TASK TO COMPLETE: Copy every record below exactly as written, but leave out the pictures.

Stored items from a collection
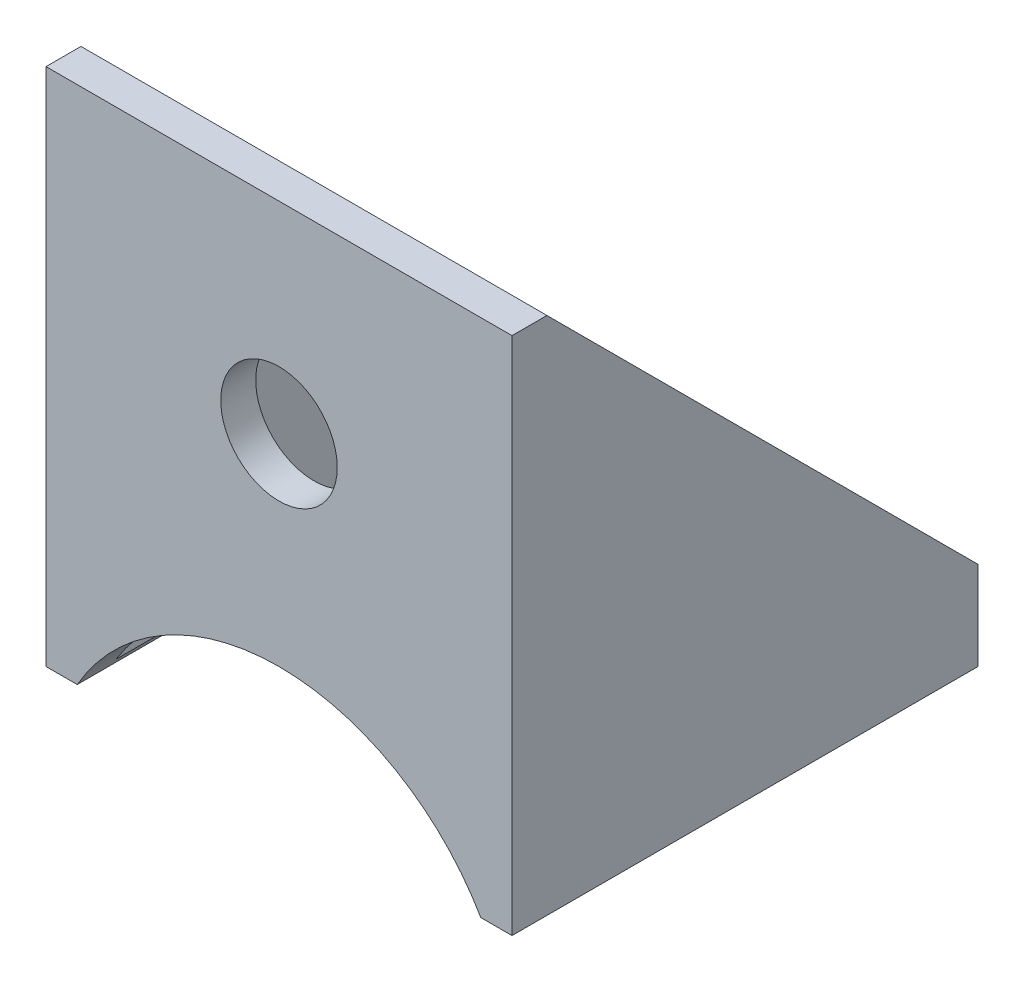
from build123d import *

# Parameters (mm, degrees)
BOSS_EXTRUDE1_DEPTH = 34.671
CUT_EXTRUDE1_DEPTH  = 45.816606755
SKETCH3_R           = 3.175
CUT_EXTRUDE2_DEPTH  = 45.816606755
CUT_EXTRUDE3_DEPTH  = 45.816606755


with BuildPart() as part:
    # Sketch1 → Boss-Extrude1 (new body)
    with BuildSketch(Plane(origin=(0, 0, 0), x_dir=(1, 0, 0), z_dir=(0, 1, 0))):
        Polygon((-12.7, 12.7), (-12.7, -12.7), (12.7, -12.7), (12.7, 12.7), (10.795, 12.7), (10.795, -10.795), (-10.795, -10.795), (-10.795, 12.7), align=None)
    extrude(amount=BOSS_EXTRUDE1_DEPTH)

    # Sketch2 → Cut-Extrude1 (cut, through all)
    with BuildSketch(Plane.ZY.offset(12.7)):
        Polygon((-12.7, 11.176), (10.795, 34.671), (-12.7, 34.671), align=None)
    extrude(amount=-CUT_EXTRUDE1_DEPTH, mode=Mode.SUBTRACT)

    # Sketch3 → Cut-Extrude2 (cut, through all)
    with BuildSketch(Plane.XY.offset(12.7)):
        with Locations((0, 23.6855)):
            Circle(SKETCH3_R)
    extrude(amount=-CUT_EXTRUDE2_DEPTH, mode=Mode.SUBTRACT)

    # Sketch4 → Cut-Extrude3 (cut, through all)
    with BuildSketch(Plane.XY.offset(12.7)):
        with BuildLine():
            Line((-12.7, 0), (12.7, 0))
            Line((12.7, 0), (12.7, 6.35))
            Line((12.7, 6.35), (10.998522628, 6.35))
            ThreePointArc((10.998522628, 6.35), (0, 12.7), (-10.998522628, 6.35))
            Line((-10.998522628, 6.35), (-12.7, 6.35))
            Line((-12.7, 6.35), (-12.7, 0))
        make_face()
    extrude(amount=-CUT_EXTRUDE3_DEPTH, mode=Mode.SUBTRACT)


solid = part.part

ANSWER FOR THE TASK:
from build123d import *

# Parameters (mm, degrees)
BOSS_EXTRUDE1_DEPTH = 34.671
CUT_EXTRUDE1_DEPTH  = 45.816606755
SKETCH3_R           = 3.175
CUT_EXTRUDE2_DEPTH  = 45.816606755
CUT_EXTRUDE3_DEPTH  = 45.816606755


with BuildPart() as part:
    # Sketch1 → Boss-Extrude1 (new body)
    with BuildSketch(Plane(origin=(0, 0, 0), x_dir=(1, 0, 0), z_dir=(0, 1, 0))):
        Polygon((-12.7, 12.7), (-12.7, -12.7), (12.7, -12.7), (12.7, 12.7), (10.795, 12.7), (10.795, -10.795), (-10.795, -10.795), (-10.795, 12.7), align=None)
    extrude(amount=BOSS_EXTRUDE1_DEPTH)

    # Sketch2 → Cut-Extrude1 (cut, through all)
    with BuildSketch(Plane.ZY.offset(12.7)):
        Polygon((-12.7, 11.176), (10.795, 34.671), (-12.7, 34.671), align=None)
    extrude(amount=-CUT_EXTRUDE1_DEPTH, mode=Mode.SUBTRACT)

    # Sketch3 → Cut-Extrude2 (cut, through all)
    with BuildSketch(Plane.XY.offset(12.7)):
        with Locations((0, 23.6855)):
            Circle(SKETCH3_R)
    extrude(amount=-CUT_EXTRUDE2_DEPTH, mode=Mode.SUBTRACT)

    # Sketch4 → Cut-Extrude3 (cut, through all)
    with BuildSketch(Plane.XY.offset(12.7)):
        with BuildLine():
            Line((-12.7, 0), (12.7, 0))
            Line((12.7, 0), (12.7, 6.35))
            Line((12.7, 6.35), (10.998522628, 6.35))
            ThreePointArc((10.998522628, 6.35), (0, 12.7), (-10.998522628, 6.35))
            Line((-10.998522628, 6.35), (-12.7, 6.35))
            Line((-12.7, 6.35), (-12.7, 0))
        make_face()
    extrude(amount=-CUT_EXTRUDE3_DEPTH, mode=Mode.SUBTRACT)


solid = part.part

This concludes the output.